··· Given records ···
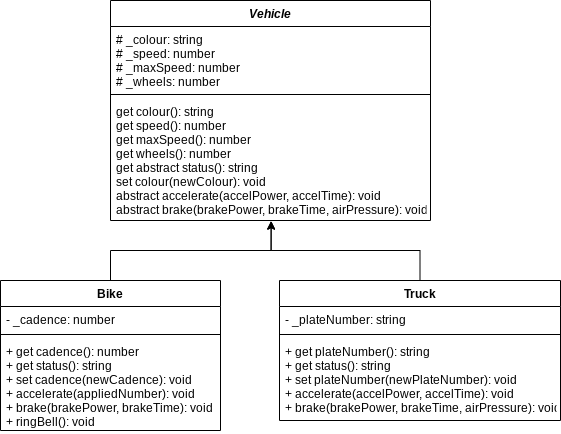

The diagram above was exported from draw.io. Its source (the exported page's mxGraphModel, read from the mxfile embedded in the PNG):
<mxGraphModel dx="1086" dy="658" grid="1" gridSize="10" guides="1" tooltips="1" connect="1" arrows="1" fold="1" page="1" pageScale="1" pageWidth="827" pageHeight="1169" math="0" shadow="0">
  <root>
    <mxCell id="0" />
    <mxCell id="1" parent="0" />
    <mxCell id="180" value="Vehicle" style="swimlane;fontStyle=3;align=center;verticalAlign=top;childLayout=stackLayout;horizontal=1;startSize=26;horizontalStack=0;resizeParent=1;resizeParentMax=0;resizeLast=0;collapsible=1;marginBottom=0;" parent="1" vertex="1">
      <mxGeometry x="150" y="40" width="320" height="220" as="geometry">
        <mxRectangle x="40" y="40" width="110" height="30" as="alternateBounds" />
      </mxGeometry>
    </mxCell>
    <mxCell id="181" value="# _colour: string&#10;# _speed: number&#10;# _maxSpeed: number&#10;# _wheels: number" style="text;strokeColor=none;fillColor=none;align=left;verticalAlign=top;spacingLeft=4;spacingRight=4;overflow=hidden;rotatable=0;points=[[0,0.5],[1,0.5]];portConstraint=eastwest;" parent="180" vertex="1">
      <mxGeometry y="26" width="320" height="64" as="geometry" />
    </mxCell>
    <mxCell id="182" value="" style="line;strokeWidth=1;fillColor=none;align=left;verticalAlign=middle;spacingTop=-1;spacingLeft=3;spacingRight=3;rotatable=0;labelPosition=right;points=[];portConstraint=eastwest;strokeColor=inherit;" parent="180" vertex="1">
      <mxGeometry y="90" width="320" height="8" as="geometry" />
    </mxCell>
    <mxCell id="183" value="get colour(): string&#10;get speed(): number&#10;get maxSpeed(): number&#10;get wheels(): number&#10;get abstract status(): string&#10;set colour(newColour): void&#10;abstract accelerate(accelPower, accelTime): void&#10;abstract brake(brakePower, brakeTime, airPressure): void" style="text;strokeColor=none;fillColor=none;align=left;verticalAlign=top;spacingLeft=4;spacingRight=4;overflow=hidden;rotatable=0;points=[[0,0.5],[1,0.5]];portConstraint=eastwest;" parent="180" vertex="1">
      <mxGeometry y="98" width="320" height="122" as="geometry" />
    </mxCell>
    <mxCell id="188" style="edgeStyle=orthogonalEdgeStyle;html=1;entryX=0.502;entryY=1.004;entryDx=0;entryDy=0;entryPerimeter=0;rounded=0;" parent="1" source="184" target="183" edge="1">
      <mxGeometry relative="1" as="geometry" />
    </mxCell>
    <mxCell id="184" value="Bike" style="swimlane;fontStyle=1;align=center;verticalAlign=top;childLayout=stackLayout;horizontal=1;startSize=26;horizontalStack=0;resizeParent=1;resizeParentMax=0;resizeLast=0;collapsible=1;marginBottom=0;" parent="1" vertex="1">
      <mxGeometry x="40" y="320" width="220" height="150" as="geometry">
        <mxRectangle x="40" y="40" width="110" height="30" as="alternateBounds" />
      </mxGeometry>
    </mxCell>
    <mxCell id="185" value="- _cadence: number" style="text;strokeColor=none;fillColor=none;align=left;verticalAlign=top;spacingLeft=4;spacingRight=4;overflow=hidden;rotatable=0;points=[[0,0.5],[1,0.5]];portConstraint=eastwest;" parent="184" vertex="1">
      <mxGeometry y="26" width="220" height="24" as="geometry" />
    </mxCell>
    <mxCell id="186" value="" style="line;strokeWidth=1;fillColor=none;align=left;verticalAlign=middle;spacingTop=-1;spacingLeft=3;spacingRight=3;rotatable=0;labelPosition=right;points=[];portConstraint=eastwest;strokeColor=inherit;" parent="184" vertex="1">
      <mxGeometry y="50" width="220" height="8" as="geometry" />
    </mxCell>
    <mxCell id="187" value="+ get cadence(): number&#10;+ get status(): string&#10;+ set cadence(newCadence): void&#10;+ accelerate(appliedNumber): void&#10;+ brake(brakePower, brakeTime): void&#10;+ ringBell(): void" style="text;strokeColor=none;fillColor=none;align=left;verticalAlign=top;spacingLeft=4;spacingRight=4;overflow=hidden;rotatable=0;points=[[0,0.5],[1,0.5]];portConstraint=eastwest;" parent="184" vertex="1">
      <mxGeometry y="58" width="220" height="92" as="geometry" />
    </mxCell>
    <mxCell id="193" style="edgeStyle=orthogonalEdgeStyle;rounded=0;html=1;entryX=0.502;entryY=1.006;entryDx=0;entryDy=0;entryPerimeter=0;" parent="1" source="189" target="183" edge="1">
      <mxGeometry relative="1" as="geometry" />
    </mxCell>
    <mxCell id="189" value="Truck" style="swimlane;fontStyle=1;align=center;verticalAlign=top;childLayout=stackLayout;horizontal=1;startSize=26;horizontalStack=0;resizeParent=1;resizeParentMax=0;resizeLast=0;collapsible=1;marginBottom=0;" parent="1" vertex="1">
      <mxGeometry x="319" y="320" width="281" height="140" as="geometry">
        <mxRectangle x="40" y="40" width="110" height="30" as="alternateBounds" />
      </mxGeometry>
    </mxCell>
    <mxCell id="190" value="- _plateNumber: string" style="text;strokeColor=none;fillColor=none;align=left;verticalAlign=top;spacingLeft=4;spacingRight=4;overflow=hidden;rotatable=0;points=[[0,0.5],[1,0.5]];portConstraint=eastwest;" parent="189" vertex="1">
      <mxGeometry y="26" width="281" height="24" as="geometry" />
    </mxCell>
    <mxCell id="191" value="" style="line;strokeWidth=1;fillColor=none;align=left;verticalAlign=middle;spacingTop=-1;spacingLeft=3;spacingRight=3;rotatable=0;labelPosition=right;points=[];portConstraint=eastwest;strokeColor=inherit;" parent="189" vertex="1">
      <mxGeometry y="50" width="281" height="8" as="geometry" />
    </mxCell>
    <mxCell id="192" value="+ get plateNumber(): string&#10;+ get status(): string&#10;+ set plateNumber(newPlateNumber): void&#10;+ accelerate(accelPower, accelTime): void&#10;+ brake(brakePower, brakeTime, airPressure): void" style="text;strokeColor=none;fillColor=none;align=left;verticalAlign=top;spacingLeft=4;spacingRight=4;overflow=hidden;rotatable=0;points=[[0,0.5],[1,0.5]];portConstraint=eastwest;" parent="189" vertex="1">
      <mxGeometry y="58" width="281" height="82" as="geometry" />
    </mxCell>
  </root>
</mxGraphModel>
···
The problem
Output all of the records exactly as they appear above, but not the pictures.

Written solution
The diagram above was exported from draw.io. Its source (the exported page's mxGraphModel, read from the mxfile embedded in the PNG):
<mxGraphModel dx="1086" dy="658" grid="1" gridSize="10" guides="1" tooltips="1" connect="1" arrows="1" fold="1" page="1" pageScale="1" pageWidth="827" pageHeight="1169" math="0" shadow="0">
  <root>
    <mxCell id="0" />
    <mxCell id="1" parent="0" />
    <mxCell id="180" value="Vehicle" style="swimlane;fontStyle=3;align=center;verticalAlign=top;childLayout=stackLayout;horizontal=1;startSize=26;horizontalStack=0;resizeParent=1;resizeParentMax=0;resizeLast=0;collapsible=1;marginBottom=0;" parent="1" vertex="1">
      <mxGeometry x="150" y="40" width="320" height="220" as="geometry">
        <mxRectangle x="40" y="40" width="110" height="30" as="alternateBounds" />
      </mxGeometry>
    </mxCell>
    <mxCell id="181" value="# _colour: string&#10;# _speed: number&#10;# _maxSpeed: number&#10;# _wheels: number" style="text;strokeColor=none;fillColor=none;align=left;verticalAlign=top;spacingLeft=4;spacingRight=4;overflow=hidden;rotatable=0;points=[[0,0.5],[1,0.5]];portConstraint=eastwest;" parent="180" vertex="1">
      <mxGeometry y="26" width="320" height="64" as="geometry" />
    </mxCell>
    <mxCell id="182" value="" style="line;strokeWidth=1;fillColor=none;align=left;verticalAlign=middle;spacingTop=-1;spacingLeft=3;spacingRight=3;rotatable=0;labelPosition=right;points=[];portConstraint=eastwest;strokeColor=inherit;" parent="180" vertex="1">
      <mxGeometry y="90" width="320" height="8" as="geometry" />
    </mxCell>
    <mxCell id="183" value="get colour(): string&#10;get speed(): number&#10;get maxSpeed(): number&#10;get wheels(): number&#10;get abstract status(): string&#10;set colour(newColour): void&#10;abstract accelerate(accelPower, accelTime): void&#10;abstract brake(brakePower, brakeTime, airPressure): void" style="text;strokeColor=none;fillColor=none;align=left;verticalAlign=top;spacingLeft=4;spacingRight=4;overflow=hidden;rotatable=0;points=[[0,0.5],[1,0.5]];portConstraint=eastwest;" parent="180" vertex="1">
      <mxGeometry y="98" width="320" height="122" as="geometry" />
    </mxCell>
    <mxCell id="188" style="edgeStyle=orthogonalEdgeStyle;html=1;entryX=0.502;entryY=1.004;entryDx=0;entryDy=0;entryPerimeter=0;rounded=0;" parent="1" source="184" target="183" edge="1">
      <mxGeometry relative="1" as="geometry" />
    </mxCell>
    <mxCell id="184" value="Bike" style="swimlane;fontStyle=1;align=center;verticalAlign=top;childLayout=stackLayout;horizontal=1;startSize=26;horizontalStack=0;resizeParent=1;resizeParentMax=0;resizeLast=0;collapsible=1;marginBottom=0;" parent="1" vertex="1">
      <mxGeometry x="40" y="320" width="220" height="150" as="geometry">
        <mxRectangle x="40" y="40" width="110" height="30" as="alternateBounds" />
      </mxGeometry>
    </mxCell>
    <mxCell id="185" value="- _cadence: number" style="text;strokeColor=none;fillColor=none;align=left;verticalAlign=top;spacingLeft=4;spacingRight=4;overflow=hidden;rotatable=0;points=[[0,0.5],[1,0.5]];portConstraint=eastwest;" parent="184" vertex="1">
      <mxGeometry y="26" width="220" height="24" as="geometry" />
    </mxCell>
    <mxCell id="186" value="" style="line;strokeWidth=1;fillColor=none;align=left;verticalAlign=middle;spacingTop=-1;spacingLeft=3;spacingRight=3;rotatable=0;labelPosition=right;points=[];portConstraint=eastwest;strokeColor=inherit;" parent="184" vertex="1">
      <mxGeometry y="50" width="220" height="8" as="geometry" />
    </mxCell>
    <mxCell id="187" value="+ get cadence(): number&#10;+ get status(): string&#10;+ set cadence(newCadence): void&#10;+ accelerate(appliedNumber): void&#10;+ brake(brakePower, brakeTime): void&#10;+ ringBell(): void" style="text;strokeColor=none;fillColor=none;align=left;verticalAlign=top;spacingLeft=4;spacingRight=4;overflow=hidden;rotatable=0;points=[[0,0.5],[1,0.5]];portConstraint=eastwest;" parent="184" vertex="1">
      <mxGeometry y="58" width="220" height="92" as="geometry" />
    </mxCell>
    <mxCell id="193" style="edgeStyle=orthogonalEdgeStyle;rounded=0;html=1;entryX=0.502;entryY=1.006;entryDx=0;entryDy=0;entryPerimeter=0;" parent="1" source="189" target="183" edge="1">
      <mxGeometry relative="1" as="geometry" />
    </mxCell>
    <mxCell id="189" value="Truck" style="swimlane;fontStyle=1;align=center;verticalAlign=top;childLayout=stackLayout;horizontal=1;startSize=26;horizontalStack=0;resizeParent=1;resizeParentMax=0;resizeLast=0;collapsible=1;marginBottom=0;" parent="1" vertex="1">
      <mxGeometry x="319" y="320" width="281" height="140" as="geometry">
        <mxRectangle x="40" y="40" width="110" height="30" as="alternateBounds" />
      </mxGeometry>
    </mxCell>
    <mxCell id="190" value="- _plateNumber: string" style="text;strokeColor=none;fillColor=none;align=left;verticalAlign=top;spacingLeft=4;spacingRight=4;overflow=hidden;rotatable=0;points=[[0,0.5],[1,0.5]];portConstraint=eastwest;" parent="189" vertex="1">
      <mxGeometry y="26" width="281" height="24" as="geometry" />
    </mxCell>
    <mxCell id="191" value="" style="line;strokeWidth=1;fillColor=none;align=left;verticalAlign=middle;spacingTop=-1;spacingLeft=3;spacingRight=3;rotatable=0;labelPosition=right;points=[];portConstraint=eastwest;strokeColor=inherit;" parent="189" vertex="1">
      <mxGeometry y="50" width="281" height="8" as="geometry" />
    </mxCell>
    <mxCell id="192" value="+ get plateNumber(): string&#10;+ get status(): string&#10;+ set plateNumber(newPlateNumber): void&#10;+ accelerate(accelPower, accelTime): void&#10;+ brake(brakePower, brakeTime, airPressure): void" style="text;strokeColor=none;fillColor=none;align=left;verticalAlign=top;spacingLeft=4;spacingRight=4;overflow=hidden;rotatable=0;points=[[0,0.5],[1,0.5]];portConstraint=eastwest;" parent="189" vertex="1">
      <mxGeometry y="58" width="281" height="82" as="geometry" />
    </mxCell>
  </root>
</mxGraphModel>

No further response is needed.